*** Opening of Data provided ***

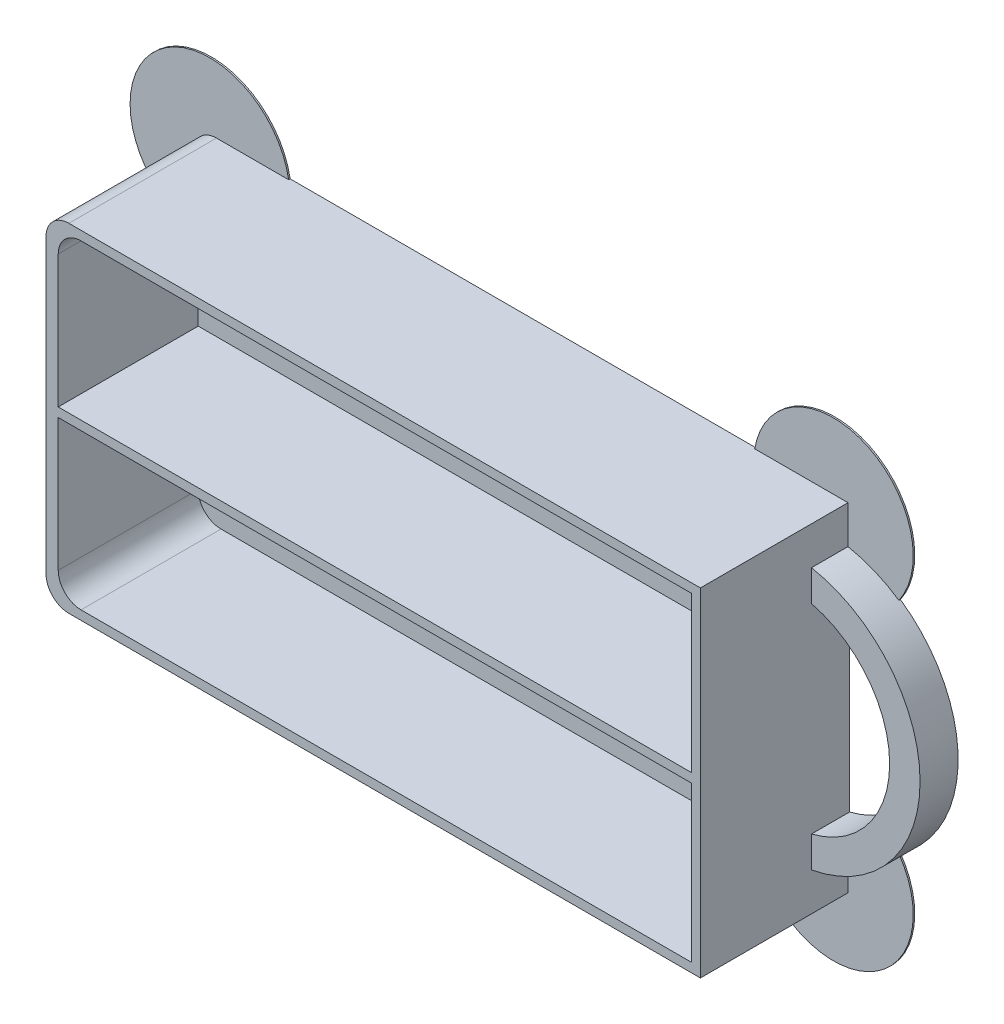
ISO-10303-21;
HEADER;
FILE_DESCRIPTION(('STEP AP214'),'2;1');
FILE_NAME('part.step','',(''),(''),'','','');
FILE_SCHEMA(('AUTOMOTIVE_DESIGN { 1 0 10303 214 1 1 1 1 }'));
ENDSEC;
DATA;
#1=APPLICATION_CONTEXT('core data for automotive mechanical design processes');
#2=APPLICATION_PROTOCOL_DEFINITION('international standard','automotive_design',2000,#1);
#3=PRODUCT_CONTEXT('',#1,'mechanical');
#4=PRODUCT('Part','Part','',(#3));
#5=PRODUCT_RELATED_PRODUCT_CATEGORY('part','',(#4));
#6=PRODUCT_DEFINITION_FORMATION('','',#4);
#7=PRODUCT_DEFINITION_CONTEXT('part definition',#1,'design');
#8=PRODUCT_DEFINITION('design','',#6,#7);
#9=PRODUCT_DEFINITION_SHAPE('','',#8);
#10=(LENGTH_UNIT() NAMED_UNIT(*) SI_UNIT(.MILLI.,.METRE.));
#11=(NAMED_UNIT(*) PLANE_ANGLE_UNIT() SI_UNIT($,.RADIAN.));
#12=(NAMED_UNIT(*) SI_UNIT($,.STERADIAN.) SOLID_ANGLE_UNIT());
#13=UNCERTAINTY_MEASURE_WITH_UNIT(LENGTH_MEASURE(1.E-05),#10,'distance_accuracy_value','');
#14=(GEOMETRIC_REPRESENTATION_CONTEXT(3) GLOBAL_UNCERTAINTY_ASSIGNED_CONTEXT((#13)) GLOBAL_UNIT_ASSIGNED_CONTEXT((#10,
#11,#12)) REPRESENTATION_CONTEXT('',''));
#15=CARTESIAN_POINT('',(0.,0.,0.));
#16=DIRECTION('',(0.,0.,1.));
#17=DIRECTION('',(1.,0.,0.));
#18=AXIS2_PLACEMENT_3D('',#15,#16,#17);
#19=CARTESIAN_POINT('',(-40.,-19.2,19.6));
#20=DIRECTION('',(0.,0.,-1.));
#21=DIRECTION('',(-1.,0.,0.));
#22=AXIS2_PLACEMENT_3D('',#19,#20,#21);
#23=CYLINDRICAL_SURFACE('',#22,3.);
#24=DIRECTION('',(0.,0.,-1.));
#25=VECTOR('',#24,1.);
#26=CARTESIAN_POINT('',(-43.,-19.2,19.6));
#27=LINE('',#26,#25);
#28=CARTESIAN_POINT('',(-43.,-19.2,0.199999999999999));
#29=VERTEX_POINT('',#28);
#30=CARTESIAN_POINT('',(-43.,-19.2,19.6));
#31=VERTEX_POINT('',#30);
#32=EDGE_CURVE('E408',#29,#31,#27,.F.);
#33=ORIENTED_EDGE('',*,*,#32,.F.);
#34=CARTESIAN_POINT('',(-40.,-19.2,0.199999999999999));
#35=DIRECTION('',(0.,0.,-1.));
#36=DIRECTION('',(-1.,0.,0.));
#37=AXIS2_PLACEMENT_3D('',#34,#35,#36);
#38=CIRCLE('',#37,3.);
#39=CARTESIAN_POINT('',(-40.,-22.2,0.199999999999999));
#40=VERTEX_POINT('',#39);
#41=EDGE_CURVE('E49',#29,#40,#38,.F.);
#42=ORIENTED_EDGE('',*,*,#41,.T.);
#43=DIRECTION('',(0.,0.,-1.));
#44=VECTOR('',#43,1.);
#45=CARTESIAN_POINT('',(-40.,-22.2,19.6));
#46=LINE('',#45,#44);
#47=CARTESIAN_POINT('',(-40.,-22.2,19.6));
#48=VERTEX_POINT('',#47);
#49=EDGE_CURVE('E419',#48,#40,#46,.T.);
#50=ORIENTED_EDGE('',*,*,#49,.F.);
#51=CARTESIAN_POINT('',(-40.,-19.2,19.6));
#52=DIRECTION('',(0.,0.,1.));
#53=DIRECTION('',(1.,0.,0.));
#54=AXIS2_PLACEMENT_3D('',#51,#52,#53);
#55=CIRCLE('',#54,3.);
#56=EDGE_CURVE('E415',#31,#48,#55,.T.);
#57=ORIENTED_EDGE('',*,*,#56,.F.);
#58=EDGE_LOOP('',(#33,#42,#50,#57));
#59=FACE_BOUND('',#58,.T.);
#60=ADVANCED_FACE('F41',(#59),#23,.T.);
#61=CARTESIAN_POINT('',(43.,22.2,19.6));
#62=DIRECTION('',(-1.,0.,0.));
#63=DIRECTION('',(0.,-1.,0.));
#64=AXIS2_PLACEMENT_3D('',#61,#62,#63);
#65=PLANE('',#64);
#66=DIRECTION('',(0.,0.,-1.));
#67=VECTOR('',#66,1.);
#68=CARTESIAN_POINT('',(43.,-22.2,19.6));
#69=LINE('',#68,#67);
#70=CARTESIAN_POINT('',(43.,-22.2,19.6));
#71=VERTEX_POINT('',#70);
#72=CARTESIAN_POINT('',(43.,-22.2,0.199999999999999));
#73=VERTEX_POINT('',#72);
#74=EDGE_CURVE('E395',#71,#73,#69,.T.);
#75=ORIENTED_EDGE('',*,*,#74,.T.);
#76=DIRECTION('',(0.,1.,0.));
#77=VECTOR('',#76,1.);
#78=CARTESIAN_POINT('',(43.,22.2,0.199999999999999));
#79=LINE('',#78,#77);
#80=CARTESIAN_POINT('',(43.,-17.2,0.2));
#81=VERTEX_POINT('',#80);
#82=EDGE_CURVE('E249',#73,#81,#79,.T.);
#83=ORIENTED_EDGE('',*,*,#82,.T.);
#84=DIRECTION('',(0.,0.,-1.));
#85=VECTOR('',#84,1.);
#86=CARTESIAN_POINT('',(43.,-17.2,5.));
#87=LINE('',#86,#85);
#88=CARTESIAN_POINT('',(43.,-17.2,5.));
#89=VERTEX_POINT('',#88);
#90=EDGE_CURVE('E368',#89,#81,#87,.T.);
#91=ORIENTED_EDGE('',*,*,#90,.F.);
#92=DIRECTION('',(0.,-1.,0.));
#93=VECTOR('',#92,1.);
#94=CARTESIAN_POINT('',(43.,-17.2,5.));
#95=LINE('',#94,#93);
#96=CARTESIAN_POINT('',(43.,-13.1087756865391,5.));
#97=VERTEX_POINT('',#96);
#98=EDGE_CURVE('E366',#97,#89,#95,.T.);
#99=ORIENTED_EDGE('',*,*,#98,.F.);
#100=DIRECTION('',(0.,0.,-1.));
#101=VECTOR('',#100,1.);
#102=CARTESIAN_POINT('',(43.,-13.1087756865391,5.));
#103=LINE('',#102,#101);
#104=CARTESIAN_POINT('',(43.,-13.1087756865391,0.));
#105=VERTEX_POINT('',#104);
#106=EDGE_CURVE('E373',#97,#105,#103,.T.);
#107=ORIENTED_EDGE('',*,*,#106,.T.);
#108=DIRECTION('',(0.,1.,0.));
#109=VECTOR('',#108,1.);
#110=CARTESIAN_POINT('',(43.,22.2,0.));
#111=LINE('',#110,#109);
#112=CARTESIAN_POINT('',(43.,13.1087756865391,0.));
#113=VERTEX_POINT('',#112);
#114=EDGE_CURVE('E382',#105,#113,#111,.T.);
#115=ORIENTED_EDGE('',*,*,#114,.T.);
#116=DIRECTION('',(0.,0.,-1.));
#117=VECTOR('',#116,1.);
#118=CARTESIAN_POINT('',(43.,13.1087756865391,5.));
#119=LINE('',#118,#117);
#120=CARTESIAN_POINT('',(43.,13.1087756865391,5.));
#121=VERTEX_POINT('',#120);
#122=EDGE_CURVE('E376',#121,#113,#119,.T.);
#123=ORIENTED_EDGE('',*,*,#122,.F.);
#124=DIRECTION('',(0.,-1.,0.));
#125=VECTOR('',#124,1.);
#126=CARTESIAN_POINT('',(43.,17.2,5.));
#127=LINE('',#126,#125);
#128=CARTESIAN_POINT('',(43.,17.2,5.));
#129=VERTEX_POINT('',#128);
#130=EDGE_CURVE('E360',#129,#121,#127,.T.);
#131=ORIENTED_EDGE('',*,*,#130,.F.);
#132=DIRECTION('',(0.,0.,-1.));
#133=VECTOR('',#132,1.);
#134=CARTESIAN_POINT('',(43.,17.2,5.));
#135=LINE('',#134,#133);
#136=CARTESIAN_POINT('',(43.,17.2,0.2));
#137=VERTEX_POINT('',#136);
#138=EDGE_CURVE('E379',#129,#137,#135,.T.);
#139=ORIENTED_EDGE('',*,*,#138,.T.);
#140=DIRECTION('',(0.,-1.,0.));
#141=VECTOR('',#140,1.);
#142=CARTESIAN_POINT('',(43.,22.2,0.199999999999999));
#143=LINE('',#142,#141);
#144=CARTESIAN_POINT('',(43.,22.2,0.199999999999999));
#145=VERTEX_POINT('',#144);
#146=EDGE_CURVE('E296',#145,#137,#143,.T.);
#147=ORIENTED_EDGE('',*,*,#146,.F.);
#148=DIRECTION('',(0.,0.,-1.));
#149=VECTOR('',#148,1.);
#150=CARTESIAN_POINT('',(43.,22.2,19.6));
#151=LINE('',#150,#149);
#152=CARTESIAN_POINT('',(43.,22.2,19.6));
#153=VERTEX_POINT('',#152);
#154=EDGE_CURVE('E405',#153,#145,#151,.T.);
#155=ORIENTED_EDGE('',*,*,#154,.F.);
#156=DIRECTION('',(0.,1.,0.));
#157=VECTOR('',#156,1.);
#158=CARTESIAN_POINT('',(43.,22.2,19.6));
#159=LINE('',#158,#157);
#160=EDGE_CURVE('E383',#71,#153,#159,.T.);
#161=ORIENTED_EDGE('',*,*,#160,.F.);
#162=EDGE_LOOP('',(#75,#83,#91,#99,#107,#115,#123,#131,#139,#147,#155,#161));
#163=FACE_BOUND('',#162,.T.);
#164=ADVANCED_FACE('F490',(#163),#65,.F.);
#165=CARTESIAN_POINT('',(-43.,22.2,19.6));
#166=DIRECTION('',(0.,-1.,0.));
#167=DIRECTION('',(0.,0.,-1.));
#168=AXIS2_PLACEMENT_3D('',#165,#166,#167);
#169=PLANE('',#168);
#170=DIRECTION('',(-1.,0.,0.));
#171=VECTOR('',#170,1.);
#172=CARTESIAN_POINT('',(-43.,22.2,0.));
#173=LINE('',#172,#171);
#174=CARTESIAN_POINT('',(30.736733343293,22.2,0.));
#175=VERTEX_POINT('',#174);
#176=CARTESIAN_POINT('',(-30.5170952229311,22.2,0.));
#177=VERTEX_POINT('',#176);
#178=EDGE_CURVE('E397',#175,#177,#173,.T.);
#179=ORIENTED_EDGE('',*,*,#178,.T.);
#180=DIRECTION('',(0.,0.,-1.));
#181=VECTOR('',#180,1.);
#182=CARTESIAN_POINT('',(-30.5170952229311,22.2,0.2));
#183=LINE('',#182,#181);
#184=CARTESIAN_POINT('',(-30.5170952229311,22.2,0.2));
#185=VERTEX_POINT('',#184);
#186=EDGE_CURVE('E273',#185,#177,#183,.T.);
#187=ORIENTED_EDGE('',*,*,#186,.F.);
#188=DIRECTION('',(-1.,0.,0.));
#189=VECTOR('',#188,1.);
#190=CARTESIAN_POINT('',(-43.,22.2,0.199999999999999));
#191=LINE('',#190,#189);
#192=CARTESIAN_POINT('',(-40.,22.2,0.199999999999999));
#193=VERTEX_POINT('',#192);
#194=EDGE_CURVE('E286',#185,#193,#191,.T.);
#195=ORIENTED_EDGE('',*,*,#194,.T.);
#196=DIRECTION('',(0.,0.,-1.));
#197=VECTOR('',#196,1.);
#198=CARTESIAN_POINT('',(-40.,22.2,19.6));
#199=LINE('',#198,#197);
#200=CARTESIAN_POINT('',(-40.,22.2,19.6));
#201=VERTEX_POINT('',#200);
#202=EDGE_CURVE('E413',#193,#201,#199,.F.);
#203=ORIENTED_EDGE('',*,*,#202,.T.);
#204=DIRECTION('',(-1.,0.,0.));
#205=VECTOR('',#204,1.);
#206=CARTESIAN_POINT('',(-43.,22.2,19.6));
#207=LINE('',#206,#205);
#208=EDGE_CURVE('E386',#153,#201,#207,.T.);
#209=ORIENTED_EDGE('',*,*,#208,.F.);
#210=ORIENTED_EDGE('',*,*,#154,.T.);
#211=DIRECTION('',(1.,0.,0.));
#212=VECTOR('',#211,1.);
#213=CARTESIAN_POINT('',(-43.,22.2,0.199999999999999));
#214=LINE('',#213,#212);
#215=CARTESIAN_POINT('',(30.7367333432933,22.2,0.199999999999999));
#216=VERTEX_POINT('',#215);
#217=EDGE_CURVE('E300',#216,#145,#214,.T.);
#218=ORIENTED_EDGE('',*,*,#217,.F.);
#219=DIRECTION('',(0.,0.,-1.));
#220=VECTOR('',#219,1.);
#221=CARTESIAN_POINT('',(30.7367333432933,22.2,0.2));
#222=LINE('',#221,#220);
#223=EDGE_CURVE('E294',#216,#175,#222,.T.);
#224=ORIENTED_EDGE('',*,*,#223,.T.);
#225=EDGE_LOOP('',(#179,#187,#195,#203,#209,#210,#218,#224));
#226=FACE_BOUND('',#225,.T.);
#227=ADVANCED_FACE('F472',(#226),#169,.F.);
#228=CARTESIAN_POINT('',(-43.,22.2,19.6));
#229=DIRECTION('',(1.,0.,0.));
#230=DIRECTION('',(0.,1.,0.));
#231=AXIS2_PLACEMENT_3D('',#228,#229,#230);
#232=PLANE('',#231);
#233=DIRECTION('',(0.,-1.,0.));
#234=VECTOR('',#233,1.);
#235=CARTESIAN_POINT('',(-43.,22.2,0.));
#236=LINE('',#235,#234);
#237=CARTESIAN_POINT('',(-43.,10.1447680585788,0.));
#238=VERTEX_POINT('',#237);
#239=CARTESIAN_POINT('',(-43.,-10.1447680585788,0.));
#240=VERTEX_POINT('',#239);
#241=EDGE_CURVE('E400',#238,#240,#236,.T.);
#242=ORIENTED_EDGE('',*,*,#241,.T.);
#243=DIRECTION('',(0.,0.,-1.));
#244=VECTOR('',#243,1.);
#245=CARTESIAN_POINT('',(-43.,-10.1447680585788,0.2));
#246=LINE('',#245,#244);
#247=CARTESIAN_POINT('',(-43.,-10.1447680585788,0.2));
#248=VERTEX_POINT('',#247);
#249=EDGE_CURVE('E258',#248,#240,#246,.T.);
#250=ORIENTED_EDGE('',*,*,#249,.F.);
#251=DIRECTION('',(0.,1.,0.));
#252=VECTOR('',#251,1.);
#253=CARTESIAN_POINT('',(-43.,22.2,0.199999999999999));
#254=LINE('',#253,#252);
#255=EDGE_CURVE('E270',#29,#248,#254,.T.);
#256=ORIENTED_EDGE('',*,*,#255,.F.);
#257=ORIENTED_EDGE('',*,*,#32,.T.);
#258=DIRECTION('',(0.,-1.,0.));
#259=VECTOR('',#258,1.);
#260=CARTESIAN_POINT('',(-43.,22.2,19.6));
#261=LINE('',#260,#259);
#262=CARTESIAN_POINT('',(-43.,19.2,19.6));
#263=VERTEX_POINT('',#262);
#264=EDGE_CURVE('E390',#263,#31,#261,.T.);
#265=ORIENTED_EDGE('',*,*,#264,.F.);
#266=DIRECTION('',(0.,0.,-1.));
#267=VECTOR('',#266,1.);
#268=CARTESIAN_POINT('',(-43.,19.2,19.6));
#269=LINE('',#268,#267);
#270=CARTESIAN_POINT('',(-43.,19.2,0.199999999999999));
#271=VERTEX_POINT('',#270);
#272=EDGE_CURVE('E410',#263,#271,#269,.T.);
#273=ORIENTED_EDGE('',*,*,#272,.T.);
#274=DIRECTION('',(0.,-1.,0.));
#275=VECTOR('',#274,1.);
#276=CARTESIAN_POINT('',(-43.,22.2,0.199999999999999));
#277=LINE('',#276,#275);
#278=CARTESIAN_POINT('',(-43.,10.1447680585788,0.2));
#279=VERTEX_POINT('',#278);
#280=EDGE_CURVE('E281',#271,#279,#277,.T.);
#281=ORIENTED_EDGE('',*,*,#280,.T.);
#282=DIRECTION('',(0.,0.,-1.));
#283=VECTOR('',#282,1.);
#284=CARTESIAN_POINT('',(-43.,10.1447680585788,0.2));
#285=LINE('',#284,#283);
#286=EDGE_CURVE('E272',#279,#238,#285,.T.);
#287=ORIENTED_EDGE('',*,*,#286,.T.);
#288=EDGE_LOOP('',(#242,#250,#256,#257,#265,#273,#281,#287));
#289=FACE_BOUND('',#288,.T.);
#290=ADVANCED_FACE('F462',(#289),#232,.F.);
#291=CARTESIAN_POINT('',(-43.,-22.2,19.6));
#292=DIRECTION('',(0.,1.,0.));
#293=DIRECTION('',(0.,0.,1.));
#294=AXIS2_PLACEMENT_3D('',#291,#292,#293);
#295=PLANE('',#294);
#296=DIRECTION('',(1.,0.,0.));
#297=VECTOR('',#296,1.);
#298=CARTESIAN_POINT('',(-43.,-22.2,0.));
#299=LINE('',#298,#297);
#300=CARTESIAN_POINT('',(-30.5170952229311,-22.2,0.));
#301=VERTEX_POINT('',#300);
#302=CARTESIAN_POINT('',(30.7367333432931,-22.2,0.));
#303=VERTEX_POINT('',#302);
#304=EDGE_CURVE('E387',#301,#303,#299,.T.);
#305=ORIENTED_EDGE('',*,*,#304,.T.);
#306=DIRECTION('',(0.,0.,-1.));
#307=VECTOR('',#306,1.);
#308=CARTESIAN_POINT('',(30.7367333432933,-22.2,0.2));
#309=LINE('',#308,#307);
#310=CARTESIAN_POINT('',(30.7367333432933,-22.2,0.199999999999999));
#311=VERTEX_POINT('',#310);
#312=EDGE_CURVE('E56',#311,#303,#309,.T.);
#313=ORIENTED_EDGE('',*,*,#312,.F.);
#314=DIRECTION('',(1.,0.,0.));
#315=VECTOR('',#314,1.);
#316=CARTESIAN_POINT('',(-43.,-22.2,0.199999999999999));
#317=LINE('',#316,#315);
#318=EDGE_CURVE('E60',#311,#73,#317,.T.);
#319=ORIENTED_EDGE('',*,*,#318,.T.);
#320=ORIENTED_EDGE('',*,*,#74,.F.);
#321=DIRECTION('',(1.,0.,0.));
#322=VECTOR('',#321,1.);
#323=CARTESIAN_POINT('',(-43.,-22.2,19.6));
#324=LINE('',#323,#322);
#325=EDGE_CURVE('E393',#48,#71,#324,.T.);
#326=ORIENTED_EDGE('',*,*,#325,.F.);
#327=ORIENTED_EDGE('',*,*,#49,.T.);
#328=DIRECTION('',(-1.,0.,0.));
#329=VECTOR('',#328,1.);
#330=CARTESIAN_POINT('',(-43.,-22.2,0.199999999999999));
#331=LINE('',#330,#329);
#332=CARTESIAN_POINT('',(-30.5170952229311,-22.2,0.2));
#333=VERTEX_POINT('',#332);
#334=EDGE_CURVE('E266',#333,#40,#331,.T.);
#335=ORIENTED_EDGE('',*,*,#334,.F.);
#336=DIRECTION('',(0.,0.,-1.));
#337=VECTOR('',#336,1.);
#338=CARTESIAN_POINT('',(-30.5170952229311,-22.2,0.2));
#339=LINE('',#338,#337);
#340=EDGE_CURVE('E257',#333,#301,#339,.T.);
#341=ORIENTED_EDGE('',*,*,#340,.T.);
#342=EDGE_LOOP('',(#305,#313,#319,#320,#326,#327,#335,#341));
#343=FACE_BOUND('',#342,.T.);
#344=ADVANCED_FACE('F453',(#343),#295,.F.);
#345=CARTESIAN_POINT('',(0.,0.,19.6));
#346=DIRECTION('',(0.,0.,1.));
#347=DIRECTION('',(1.,0.,0.));
#348=AXIS2_PLACEMENT_3D('',#345,#346,#347);
#349=PLANE('',#348);
#350=DIRECTION('',(-1.,0.,0.));
#351=VECTOR('',#350,1.);
#352=CARTESIAN_POINT('',(0.,21.,19.6));
#353=LINE('',#352,#351);
#354=CARTESIAN_POINT('',(41.8,21.,19.6));
#355=VERTEX_POINT('',#354);
#356=CARTESIAN_POINT('',(-38.4,21.,19.6));
#357=VERTEX_POINT('',#356);
#358=EDGE_CURVE('E312',#355,#357,#353,.T.);
#359=ORIENTED_EDGE('',*,*,#358,.F.);
#360=DIRECTION('',(0.,1.,0.));
#361=VECTOR('',#360,1.);
#362=CARTESIAN_POINT('',(41.8,0.,19.6));
#363=LINE('',#362,#361);
#364=CARTESIAN_POINT('',(41.8,0.597115384615389,19.6));
#365=VERTEX_POINT('',#364);
#366=EDGE_CURVE('E321',#365,#355,#363,.T.);
#367=ORIENTED_EDGE('',*,*,#366,.F.);
#368=DIRECTION('',(-1.,0.,0.));
#369=VECTOR('',#368,1.);
#370=CARTESIAN_POINT('',(0.,0.597115384615384,19.6));
#371=LINE('',#370,#369);
#372=CARTESIAN_POINT('',(-41.4,0.597115384615379,19.6));
#373=VERTEX_POINT('',#372);
#374=EDGE_CURVE('E318',#365,#373,#371,.T.);
#375=ORIENTED_EDGE('',*,*,#374,.T.);
#376=DIRECTION('',(0.,-1.,0.));
#377=VECTOR('',#376,1.);
#378=CARTESIAN_POINT('',(-41.4,0.,19.6));
#379=LINE('',#378,#377);
#380=CARTESIAN_POINT('',(-41.4,18.,19.6));
#381=VERTEX_POINT('',#380);
#382=EDGE_CURVE('E315',#381,#373,#379,.T.);
#383=ORIENTED_EDGE('',*,*,#382,.F.);
#384=CARTESIAN_POINT('',(-38.4,18.,19.6));
#385=DIRECTION('',(0.,0.,1.));
#386=DIRECTION('',(1.,0.,0.));
#387=AXIS2_PLACEMENT_3D('',#384,#385,#386);
#388=CIRCLE('',#387,3.);
#389=EDGE_CURVE('E438',#381,#357,#388,.F.);
#390=ORIENTED_EDGE('',*,*,#389,.T.);
#391=EDGE_LOOP('',(#359,#367,#375,#383,#390));
#392=FACE_BOUND('',#391,.T.);
#393=DIRECTION('',(-1.,0.,0.));
#394=VECTOR('',#393,1.);
#395=CARTESIAN_POINT('',(0.,-0.602884615384616,19.6));
#396=LINE('',#395,#394);
#397=CARTESIAN_POINT('',(41.8,-0.60288461538461,19.6));
#398=VERTEX_POINT('',#397);
#399=CARTESIAN_POINT('',(-41.4,-0.602884615384621,19.6));
#400=VERTEX_POINT('',#399);
#401=EDGE_CURVE('E303',#398,#400,#396,.T.);
#402=ORIENTED_EDGE('',*,*,#401,.F.);
#403=DIRECTION('',(0.,1.,0.));
#404=VECTOR('',#403,1.);
#405=CARTESIAN_POINT('',(41.8,0.,19.6));
#406=LINE('',#405,#404);
#407=CARTESIAN_POINT('',(41.8,-21.,19.6));
#408=VERTEX_POINT('',#407);
#409=EDGE_CURVE('E346',#408,#398,#406,.T.);
#410=ORIENTED_EDGE('',*,*,#409,.F.);
#411=DIRECTION('',(1.,0.,0.));
#412=VECTOR('',#411,1.);
#413=CARTESIAN_POINT('',(0.,-21.,19.6));
#414=LINE('',#413,#412);
#415=CARTESIAN_POINT('',(-38.4,-21.,19.6));
#416=VERTEX_POINT('',#415);
#417=EDGE_CURVE('E344',#416,#408,#414,.T.);
#418=ORIENTED_EDGE('',*,*,#417,.F.);
#419=CARTESIAN_POINT('',(-38.4,-18.,19.6));
#420=DIRECTION('',(0.,0.,1.));
#421=DIRECTION('',(1.,0.,0.));
#422=AXIS2_PLACEMENT_3D('',#419,#420,#421);
#423=CIRCLE('',#422,3.);
#424=CARTESIAN_POINT('',(-41.4,-18.,19.6));
#425=VERTEX_POINT('',#424);
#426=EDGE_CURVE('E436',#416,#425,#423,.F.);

*** Close of Data provided ***

What needs to be done
What you return should be exactly the lines above, starting at the one with "#351=VECTOR('',#350,1.);" and ending at the one with "#414=LINE('',#413,#412);", and nothing else.

Answer area
#351=VECTOR('',#350,1.);
#352=CARTESIAN_POINT('',(0.,21.,19.6));
#353=LINE('',#352,#351);
#354=CARTESIAN_POINT('',(41.8,21.,19.6));
#355=VERTEX_POINT('',#354);
#356=CARTESIAN_POINT('',(-38.4,21.,19.6));
#357=VERTEX_POINT('',#356);
#358=EDGE_CURVE('E312',#355,#357,#353,.T.);
#359=ORIENTED_EDGE('',*,*,#358,.F.);
#360=DIRECTION('',(0.,1.,0.));
#361=VECTOR('',#360,1.);
#362=CARTESIAN_POINT('',(41.8,0.,19.6));
#363=LINE('',#362,#361);
#364=CARTESIAN_POINT('',(41.8,0.597115384615389,19.6));
#365=VERTEX_POINT('',#364);
#366=EDGE_CURVE('E321',#365,#355,#363,.T.);
#367=ORIENTED_EDGE('',*,*,#366,.F.);
#368=DIRECTION('',(-1.,0.,0.));
#369=VECTOR('',#368,1.);
#370=CARTESIAN_POINT('',(0.,0.597115384615384,19.6));
#371=LINE('',#370,#369);
#372=CARTESIAN_POINT('',(-41.4,0.597115384615379,19.6));
#373=VERTEX_POINT('',#372);
#374=EDGE_CURVE('E318',#365,#373,#371,.T.);
#375=ORIENTED_EDGE('',*,*,#374,.T.);
#376=DIRECTION('',(0.,-1.,0.));
#377=VECTOR('',#376,1.);
#378=CARTESIAN_POINT('',(-41.4,0.,19.6));
#379=LINE('',#378,#377);
#380=CARTESIAN_POINT('',(-41.4,18.,19.6));
#381=VERTEX_POINT('',#380);
#382=EDGE_CURVE('E315',#381,#373,#379,.T.);
#383=ORIENTED_EDGE('',*,*,#382,.F.);
#384=CARTESIAN_POINT('',(-38.4,18.,19.6));
#385=DIRECTION('',(0.,0.,1.));
#386=DIRECTION('',(1.,0.,0.));
#387=AXIS2_PLACEMENT_3D('',#384,#385,#386);
#388=CIRCLE('',#387,3.);
#389=EDGE_CURVE('E438',#381,#357,#388,.F.);
#390=ORIENTED_EDGE('',*,*,#389,.T.);
#391=EDGE_LOOP('',(#359,#367,#375,#383,#390));
#392=FACE_BOUND('',#391,.T.);
#393=DIRECTION('',(-1.,0.,0.));
#394=VECTOR('',#393,1.);
#395=CARTESIAN_POINT('',(0.,-0.602884615384616,19.6));
#396=LINE('',#395,#394);
#397=CARTESIAN_POINT('',(41.8,-0.60288461538461,19.6));
#398=VERTEX_POINT('',#397);
#399=CARTESIAN_POINT('',(-41.4,-0.602884615384621,19.6));
#400=VERTEX_POINT('',#399);
#401=EDGE_CURVE('E303',#398,#400,#396,.T.);
#402=ORIENTED_EDGE('',*,*,#401,.F.);
#403=DIRECTION('',(0.,1.,0.));
#404=VECTOR('',#403,1.);
#405=CARTESIAN_POINT('',(41.8,0.,19.6));
#406=LINE('',#405,#404);
#407=CARTESIAN_POINT('',(41.8,-21.,19.6));
#408=VERTEX_POINT('',#407);
#409=EDGE_CURVE('E346',#408,#398,#406,.T.);
#410=ORIENTED_EDGE('',*,*,#409,.F.);
#411=DIRECTION('',(1.,0.,0.));
#412=VECTOR('',#411,1.);
#413=CARTESIAN_POINT('',(0.,-21.,19.6));
#414=LINE('',#413,#412);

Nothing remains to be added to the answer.